- Singapore beat New York to the top for largest rental rises (prime property)
- Sydney's luxury rental market is incredibly tight
- Hotels and holiday homes are helping to temporarily plug the gap
The latest from Knight Frank’s Prime Global Rental Index has seen the city that never sleeps usurped by surging Singapore.
Prime residential rents have been on the rise around the world, with both the final quarter of, and the entire year of 2022 seeing our very own Australian city of Sydney ranked among the world’s highest for prime residential rent growth; prime property is typically defined as the top five per cent of each market by value.
The Q4 scorecard
Knight Frank’s index tracked the movement in luxury residential rents across 10 global cities, finding Sydney rents for prime property rose by 3.7% over Q4 2022.
That placed the harbour city in fourth place, with Singapore recording the highest quarterly growth of 7.3%, with Auckland up 5.4%, and Tokyo up 3.9%.
2022 calls full time
For the year 2022, Sydney featured at sixth place with a prime property rent rise of 6.7%.
Singapore took the prime position in Knight Frank’s latest figures, taking over from New York. Singapore recorded year-on-year growth of 28.2%, followed by New York at 18.6%, London at 17.8%, Toronto at 15%, and Tokyo at 8.4%.
Knight Frank Head of Residential Research Michelle Ciesielski said prime rents had remained robust across many global cities and were still averaging double-digit annual growth, despite the overall rate of annual growth starting to slow.
“Sydney saw strong growth over the last quarter of 2022, in line with the rental growth occurring in the wider luxury residential market, and with a shortage of prime homes to rent in the city, prime rental rates are expected to continue strengthening,” she said.
“Total residential rental vacancies in Sydney have now fallen to a low of 1.4 per cent in February 2023, not seen since November 2011, according to Real Estate Institute of New South Wales figures.

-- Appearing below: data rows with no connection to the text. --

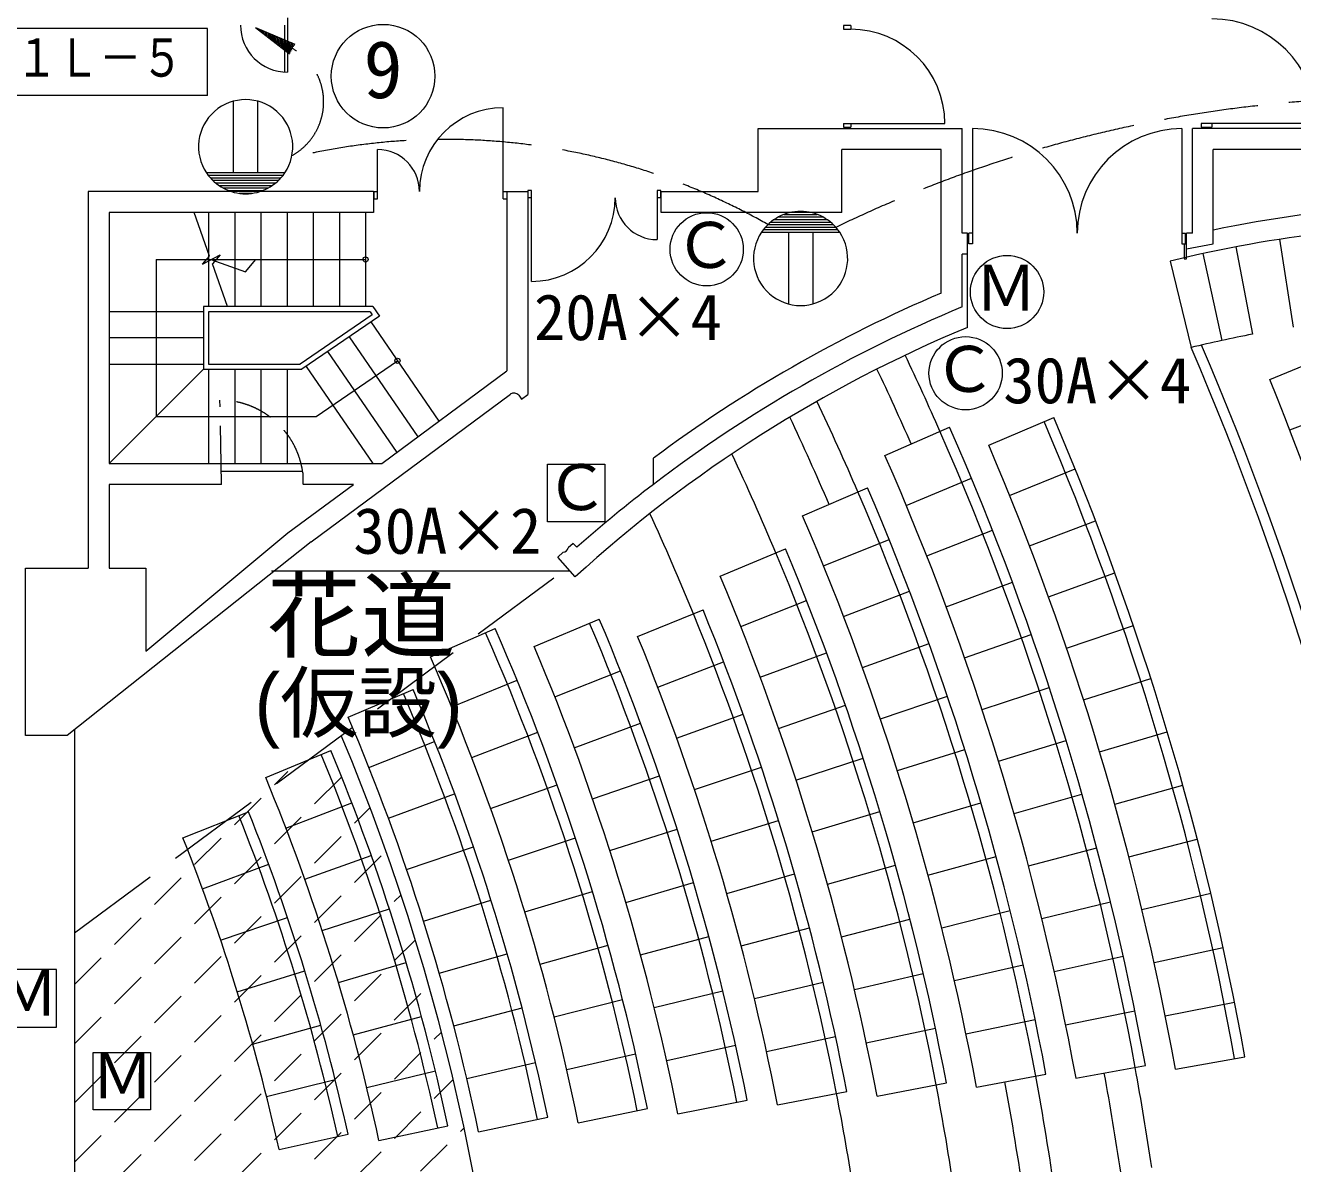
# Model space of a CAD drawing. Units: millimetres, scale not verified. Extents: x -46320 to 37680, y -29109 to 29691.
# Drawn here: x -19708 to -7599, y 5163 to 16043 of the extents above; entities that cross this region are included whole.
import ezdxf
from ezdxf.enums import TextEntityAlignment as Align

# ---------------------------------------------------------------- set-up
doc = ezdxf.new("R2010")
doc.units = ezdxf.units.MM
doc.header["$LTSCALE"] = 300
doc.linetypes.add('DASHED1', pattern=[1.8, 1.2, -0.6])
doc.linetypes.add('DASHED3', pattern=[4, 3, -1])
for name, color, linetype, lineweight in [('1-0_121', 7, 'Continuous', 9), ('8-0', 7, 'Continuous', 9), ('8-1', 7, 'Continuous', 9), ('8-2', 7, 'Continuous', 9), ('9-2_舞台照明', 3, 'Continuous', 9), ('9-3_舞台音響', 3, 'Continuous', 9)]:
    doc.layers.add(name, color=color, linetype=linetype, lineweight=lineweight)
doc.layers.add('1-A', color=7, linetype='Continuous')
doc.styles.add('HG創英角ｺﾞｼｯｸUB', font='')
doc.styles.add('ＭＳ ゴシック', font='')
doc.styles.get('HG創英角ｺﾞｼｯｸUB').set_extended_font_data('HG創英角ｺﾞｼｯｸUB')
doc.styles.get('ＭＳ ゴシック').set_extended_font_data('MS Gothic')

msp = doc.modelspace()

# ---------------------------------------------------------------- linework, layer by layer
at = {"layer": '1-0_121'}
for p, q in [((-17201.8, 16115.4), (-17201.8, 15595.4)), ((-17231.8, 16045.4), (-17231.8, 15595.4)), ((-11892, 16005.4), (-11822, 16005.4)), ((-11822, 16040.4), (-11822, 16005.4)), ((-15142, 14385.4), (-15142, 15255.4)), ((-12707, 14455.4), (-12707, 15055.4)), ((-12707, 15055.4), (-10757, 15055.4)), ((-11892, 15105.4), (-10922, 15105.4)), ((-11892, 15105.4), (-11892, 15070.4)), ((-11892, 15070.4), (-11822, 15070.4)), ((-11822, 15105.4), (-11822, 15070.4)), ((-10757, 14055.4), (-10757, 15055.4)), ((-10657, 15055.4), (-10657, 13955.4)), ((-2207, 15055.4), (-8557, 15055.4)), ((-8557, 14055.4), (-8557, 15055.4)), ((-7372, 15105.4), (-8472, 15105.4)), ((-8472, 15105.4), (-8472, 15070.4)), ((-8472, 15070.4), (-8372, 15070.4)), ((-8372, 15105.4), (-8372, 15070.4)), ((-16342, 14385.4), (-16342, 14855.4)), ((-10957, 14855.4), (-11907, 14855.4)), ((-11907, 14255.4), (-11907, 14855.4)), ((-10957, 13484.2), (-10957, 14855.4)), ((-6707, 14855.4), (-8357, 14855.4)), ((-8357, 13955.4), (-8357, 14855.4)), ((-19107, 14455.4), (-19107, 10855.4)), ((-16381.9, 14455.4), (-19107, 14455.4)), ((-16381.9, 14455.4), (-16381.9, 14255.4)), ((-16377, 14455.4), (-16342, 14455.4)), ((-15142, 14455.4), (-14907, 14455.4)), ((-15107, 14455.4), (-15107, 12740.2)), ((-14907, 14465.4), (-14907, 12515)), ((-13672, 14465.4), (-13672, 13995.4)), ((-13632.1, 14455.4), (-12707, 14455.4)), ((-13632.1, 14255.4), (-13632.1, 14455.4)), ((-15142, 14385.4), (-15107, 14385.4)), ((-14872, 14395.4), (-14907, 14395.4)), ((-13637, 14395.4), (-13672, 14395.4)), ((-18907, 14255.4), (-18907, 11855.4)), ((-16381.9, 14255.4), (-18907, 14255.4)), ((-17947.7, 13838), (-18096, 14255.4)), ((-17957, 14255.4), (-17957, 13355.4)), ((-17707, 14255.4), (-17707, 13355.4)), ((-17457, 14255.4), (-17457, 13355.4)), ((-17207, 14255.4), (-17207, 13355.4)), ((-16957, 14255.4), (-16957, 13355.4)), ((-16707, 14255.4), (-16707, 13355.4)), ((-16457, 14255.4), (-16457, 13355.4)), ((-11907, 14255.4), (-13632.1, 14255.4)), ((-10707, 14055.4), (-10757, 14055.4)), ((-10707, 13155.4), (-10707, 14055.4)), ((-10692, 13955.4), (-10692, 14055.4)), ((-10657, 14055.4), (-10692, 14055.4)), ((-8657, 14055.4), (-8622, 14055.4)), ((-8622, 13955.4), (-8622, 14055.4)), ((-8557, 14055.4), (-8612, 14055.4)), ((-8612, 13810.4), (-8612, 14055.4)), ((-10657, 13955.4), (-10692, 13955.4)), ((-8612, 13905.4), (-8357, 13955.4)), ((-7725.6, 13997.8), (-7593.6, 13158.1)), ((-18457, 13805.4), (-18457, 12305.4)), ((-18457, 13805.4), (-16457, 13805.4)), ((-18016.2, 13759.9), (-17847.6, 13848)), ((-18016.2, 13759.9), (-17947.7, 13838)), ((-17936.1, 13805.4), (-17603.1, 13685.7)), ((-17847.6, 13848), (-17921.1, 13763.1)), ((-17603.1, 13685.7), (-17505.7, 13805.4)), ((-10757, 13351.2), (-10757, 13855.4)), ((-10707, 13855.4), (-10757, 13855.4)), ((-8456.4, 13861.4), (-8276.6, 13030.6)), ((-8141.8, 13925.4), (-7982.6, 13090.4)), ((-17776.3, 13355.4), (-17921.1, 13763.1)), ((-8769.2, 13789.6), (-8569, 12963.5)), ((-16387.7, 13355.4), (-18007, 13355.4)), ((-18007, 13355.4), (-18007, 12755.4)), ((-16387.7, 13355.4), (-16325.2, 13264.2)), ((-18007, 13305.4), (-18907, 13305.4)), ((-16414.1, 13305.4), (-17957, 13305.4)), ((-17957, 13305.4), (-17957, 12805.4)), ((-16325.2, 13264.2), (-17067.1, 12755.4)), ((-16407.3, 13207.9), (-15756.6, 12259)), ((-18007, 13055.4), (-18907, 13055.4)), ((-16613.5, 13066.5), (-15957.7, 12110)), ((-16927.6, 12305.4), (-16152.8, 12836.7)), ((-16819.7, 12925.1), (-16158.7, 11961.1)), ((-7817.9, 12658.7), (-7192.9, 12913.7)), ((-18907, 12805.4), (-18007, 12805.4)), ((-18907, 11855.4), (-18007, 12755.4)), ((-18007, 12755.4), (-17067.1, 12755.4)), ((-17957, 12805.4), (-17082.6, 12805.4)), ((-17957, 12755.4), (-17957, 11855.4)), ((-17707, 12755.4), (-17707, 11855.4)), ((-17457, 12755.4), (-17457, 11855.4)), ((-17207, 12755.4), (-17207, 11855.4)), ((-17025.9, 12783.7), (-16389.3, 11855.4)), ((-16301.3, 11855.4), (-15107, 12740.2)), ((-16976.6, 11106.3), (-15072.5, 12516.9)), ((-7625.6, 12175.6), (-6996.3, 12419.9)), ((-18457, 12305.4), (-16927.6, 12305.4)), ((-10503, 12030.7), (-9882, 12295.4)), ((-11495.3, 11931.9), (-10877.4, 12203.5)), ((-13707, 11655), (-13707, 11905.3)), ((-18907, 11855.4), (-16301.3, 11855.4)), ((-17833.3, 11655.4), (-17837.1, 11855.4)), ((-17832.5, 11780.5), (-17059.4, 11780.5)), ((-17056.8, 11765.7), (-17056.8, 11662.3)), ((-10303.5, 11550.5), (-9677.8, 11803.5)), ((-18907, 11655.4), (-18907, 10855.4)), ((-17833.3, 11655.4), (-18907, 11655.4)), ((-17198.4, 11190.9), (-16571.3, 11655.4)), ((-16571.3, 11655.4), (-17055, 11655.4)), ((-11290.7, 11453.8), (-10667.6, 11713.4)), ((-12280.9, 11355.9), (-11660.7, 11622.5)), ((-10113.2, 11066.6), (-9482.7, 11307.9)), ((-18557, 10061.4), (-17198.4, 11190.9)), ((-11095.5, 10971.9), (-10467.4, 11219.3)), ((-16976.6, 11106.3), (-19307, 9255.4)), ((-14472.5, 11091.9), (-14521, 11048.4)), ((-14439, 11054.5), (-14472.5, 11091.9)), ((-13068.1, 10779.3), (-12445.6, 11040.4)), ((-12080.4, 10876.2), (-11455, 11130.2)), ((-14567.8, 11006.5), (-14621.5, 10958.4)), ((-14454.6, 10772.1), (-14621.5, 10958.4)), ((-19707, 9255.4), (-19707, 10855.4)), ((-19707, 10855.4), (-19107, 10855.4)), ((-18907, 10855.4), (-18557, 10855.4)), ((-18557, 10855.4), (-18557, 10061.4)), ((-14502.5, 10825.6), (-17355.4, 10825.6)), ((-9931.9, 10579.2), (-9297, 10808.6)), ((-10909.6, 10486.2), (-10276.9, 10721.4)), ((-12872, 10297.7), (-12244.2, 10545.7)), ((-11889.5, 10392.4), (-11259.2, 10633.8)), ((-13857.3, 10201.9), (-13232.4, 10457)), ((-14845.7, 10104.9), (-14223.9, 10367.7)), ((-9759.7, 10088.6), (-9120.7, 10306)), ((-15837.6, 10006.4), (-15219.4, 10277.5)), ((-10733.1, 9997.1), (-10096, 10220)), ((-11708.5, 9905), (-11073.4, 10133.6)), ((-13666, 9718.4), (-13035.6, 9959.9)), ((-12686, 9812.1), (-12053.2, 10047)), ((-14648.6, 9623.6), (-14021.1, 9872.4)), ((-16623.5, 9430.5), (-16002.7, 9695.4)), ((-15634.4, 9527.8), (-15010, 9784.3)), ((-10566.2, 9504.6), (-9924.8, 9715.1)), ((-9596.8, 9594.7), (-8953.8, 9800.2)), ((-11537.2, 9414), (-10897.7, 9629.8)), ((-13485.2, 9230.8), (-12849.8, 9458.6)), ((-12510.2, 9322.7), (-11872.6, 9544.3)), ((-14462.5, 9138.1), (-13829.5, 9372.6)), ((-19307, 9255.4), (-19707, 9255.4)), ((-19237, 9311), (-19237, -6997.2)), ((-15442.4, 9044.5), (-14812.2, 9286.2)), ((-10408.8, 9009), (-9763.5, 9207)), ((-9443.2, 9098), (-8796.5, 9291.3)), ((-17411.6, 8853.8), (-16787.9, 9111.9)), ((-16425.3, 8949.8), (-15798.2, 9199.3)), ((-11375.9, 8919.6), (-10732.2, 9122.6)), ((-12344.6, 8829.8), (-11702.5, 9038.1)), ((-14287.4, 8648.5), (-13649.3, 8868.6)), ((-13315, 8739.4), (-12674.8, 8953.4)), ((-15262, 8556.8), (-14626.2, 8783.6)), ((-9298.8, 8598.4), (-8648.6, 8779.6)), ((-17219, 8370.8), (-16588.9, 8612.7)), ((-16239.1, 8464.3), (-15605.9, 8698.3)), ((-11224.6, 8422.1), (-10576.9, 8612.1)), ((-10261.1, 8510.4), (-9612.1, 8695.9)), ((-18202.2, 8276.1), (-17575.4, 8526.7)), ((-12189.3, 8333.5), (-11543, 8528.3)), ((-14123.4, 8155), (-13480.5, 8360.7)), ((-13155.5, 8244.5), (-12510.8, 8444.5)), ((-15093, 8065), (-14452.1, 8276.7)), ((-9163.9, 8096.2), (-8510.4, 8265.2)), ((-16064.8, 7974.4), (-15426.1, 8192.7)), ((-10123.1, 8009.1), (-9470.6, 8181.9)), ((-18015.7, 7790.7), (-17382.4, 8024.2)), ((-17038.9, 7883), (-16402.7, 8108.6)), ((-12044.5, 7834.1), (-11394.3, 8015.4)), ((-11083.3, 7921.7), (-10431.9, 8098.6)), ((-13006.8, 7746.2), (-12358, 7932.2)), ((-14935.7, 7569.4), (-14290, 7765.9)), ((-13970.5, 7658), (-13323.1, 7849.1)), ((-15902.6, 7480.3), (-15258.7, 7682.9)), ((-9994.8, 7505.1), (-9339.1, 7665.3)), ((-9038.4, 7591.6), (-8381.9, 7748.3)), ((-17842.5, 7300.4), (-17203.1, 7516.7)), ((-16871.4, 7390.7), (-16229.6, 7599.8)), ((-10952, 7418.5), (-10297.2, 7582.3)), ((-12869, 7244.8), (-12216.2, 7416.7)), ((-11910, 7331.8), (-11256.2, 7499.5)), ((-13829, 7157.6), (-13177.4, 7334)), ((-15752.7, 6982.4), (-15104, 7169)), ((-14790.2, 7070.2), (-14140, 7251.5)), ((-9876.4, 6998.8), (-9217.7, 7146.2)), ((-8922.4, 7084.7), (-8263, 7229.1)), ((-16716.7, 6894.2), (-16069.7, 7086.7)), ((-10830.9, 6912.8), (-10172.9, 7063.4)), ((-17682.5, 6805.6), (-17037.5, 7004.6)), ((-11786.1, 6826.8), (-11128.9, 6980.7)), ((-13698.8, 6654.2), (-13043.4, 6815.8)), ((-12742.1, 6740.5), (-12085.7, 6898.2)), ((-14656.4, 6567.7), (-14002.1, 6733.6)), ((-8815.8, 6575.7), (-8153.9, 6707.8)), ((-16574.8, 6394), (-15923.1, 6569.7)), ((-15615, 6480.9), (-14962, 6651.6)), ((-10720, 6404.8), (-10059.1, 6542.1)), ((-9767.7, 6490.3), (-9106.3, 6624.9)), ((-17536, 6306.7), (-16885.8, 6488.1)), ((-11672.8, 6319.3), (-11012.5, 6459.5)), ((-12626.1, 6233.6), (-11966.5, 6377)), ((-14534.5, 6062.1), (-13876.5, 6212.6)), ((-13580, 6147.9), (-12921.1, 6294.7)), ((-8718.9, 6064.8), (-8054.6, 6184.5)), ((-15489.8, 5976.2), (-14832.7, 6130.7)), ((-9669, 5979.7), (-9005, 6101.5)), ((-17403, 5804), (-16748.2, 5967.7)), ((-16445.9, 5890.2), (-15789.9, 6049.1)), ((-11570.1, 5809.5), (-10907, 5935.9)), ((-10619.4, 5894.6), (-9955.9, 6018.7)), ((-12521.1, 5724.3), (-11858.6, 5853.4)), ((-13472.6, 5639.1), (-12810.6, 5771)), ((-15377, 5468.6), (-14716.3, 5606.9)), ((-14424.5, 5553.9), (-13763.2, 5688.8)), ((-16330, 5383.3), (-15670.1, 5525.2)), ((-17283.7, 5297.9), (-16624.7, 5443.8))]:
    msp.add_line(p, q, dxfattribs=at)
at = {"layer": '1-0_121', "linetype": 'DASHED1'}
for p, q in [((-17837.1, 11855.4), (-17848.5, 12460.1)), ((-19237, 6309.9), (-16572.8, 8974)), ((-19237, 6875.5), (-17201.2, 8911.4)), ((-19237, 5744.2), (-16414.1, 8567.1)), ((-19237, 5178.5), (-16262.4, 8153)), ((-19237, 4612.8), (-16118.1, 7731.7)), ((-19237, 4047.1), (-15981.4, 7302.7)), ((-19237, 3481.4), (-15852.5, 6866)), ((-19237, 2915.8), (-15731.6, 6421.1)), ((-19237, 2350.1), (-15619.2, 5967.8)), ((-18604.4, 2417), (-15515.6, 5505.8))]:
    msp.add_line(p, q, dxfattribs=at)
at = {"layer": '1-0_121', "linetype": 'DASHED3'}
msp.add_line((-19237, 7368.5), (-14570.4, 10825.6), dxfattribs=at)
at = {"layer": '1-0_121'}
for points in [[(-11822, 16040.4), (-11892, 16040.4), (-11892, 16005.4)], [(-8657, 15055.4), (-8657, 13955.4), (-8622, 13955.4)], [(-16377, 14455.4), (-16377, 14385.4), (-16342, 14385.4)], [(-14872, 13595.4), (-14872, 14465.4), (-14907, 14465.4)], [(-13637, 14395.4), (-13637, 14465.4), (-13672, 14465.4)], [(-8637, 13955.4), (-8637, 13810.4), (-8612, 13810.4)], [(-16414.1, 13305.4), (-16394.7, 13277.2), (-17082.6, 12805.4)], [(-14992.6, 12507.2), (-14966, 12471.3), (-14907, 12515)]]:
    msp.add_lwpolyline(points, dxfattribs=at)
for centre in [(-16457, 13805.4), (-16152.8, 12836.7)]:
    msp.add_circle(centre, 25, dxfattribs=at)
for centre, radius, start, end in [((-8372, 15105.4), 1000, 0, 90), ((-17201.8, 16045.4), 450, 180, 270), ((-11822, 15105.4), 900, 0, 90), ((-15142, 14455.4), 800, 90, 180), ((-10657, 14055.4), 1000, 0, 90), ((-8657, 14055.4), 1000, 90, 180), ((-16342, 14455.4), 400, 0, 90), ((-14872, 14395.4), 800, 270, 0), ((-13672, 14395.4), 400, 180, 270), ((-5707, 1155.4), 13200, 94.34475, 101.58126), ((-5707, 1155.4), 13000, 90, 103.62454), ((-5707, 1155.4), 13400, 113.06599, 126.65641), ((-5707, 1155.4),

“The low vacancy of rental stock can be seen across both the general market and the luxury market, and will lead to further rental growth across the two, with demand simply continuing to outweigh supply in this landlord’s market, at least in the short to medium term.”
Knight Frank Head of Residential Erin van Tuil said demand for prime residential rentals in Sydney came from a mixture of corporate tenants, people looking for somewhere to live while renovating their main residence and skilled professionals who are either expats returning or migrating from interstate and abroad.
“Due to the shortage of labour in Australia, many skilled professionals are taking up promotions to senior management roles from interstate, and international workers are being encouraged to migrate here,” she said.
“We’re seeing instances of companies contributing towards a six-month rental sign-on to entice new workers until the employee finds a longer-term property to rent, or even purchase, as it’s so incredibly tight to find stock for either instance.
“Even with this incentive, there are very limited properties to view, so many new workers to the city are taking up weekly rates with city hotels and extensively using holiday home platforms like Stayz and Airbnb whilst quickly getting acquainted with different pockets of the city as they uproot every few weeks.
“We’ve seen more clients taking up co-primary living in their country or coastal home for a good part of the month and have purchased a city pad for when they’re in town, but in many instances, this occasional convenience has removed a rental home from the market.
“There are also those still waiting on their house renovations to be completed and have extended their rental requirements after being delayed by severe weather events, delivery of materials and securing tradespeople.”
Ms van Tuil said many long-standing corporate rental agreements were removed from the market throughout the pandemic to save costs, as interstate and international teams couldn’t visit their Sydney office, and when they were added back into the rental pool, there was a short lull in prime rental growth throughout 2021.
“However since borders have reopened, hotels have needed to step in to fill this returning demand as there is simply not enough rental accommodation for new workers moving to the city,” she said.
“As a result, we’ve seen Sydney’s prime residential rents grow 15.8 per cent above their pre-pandemic level.”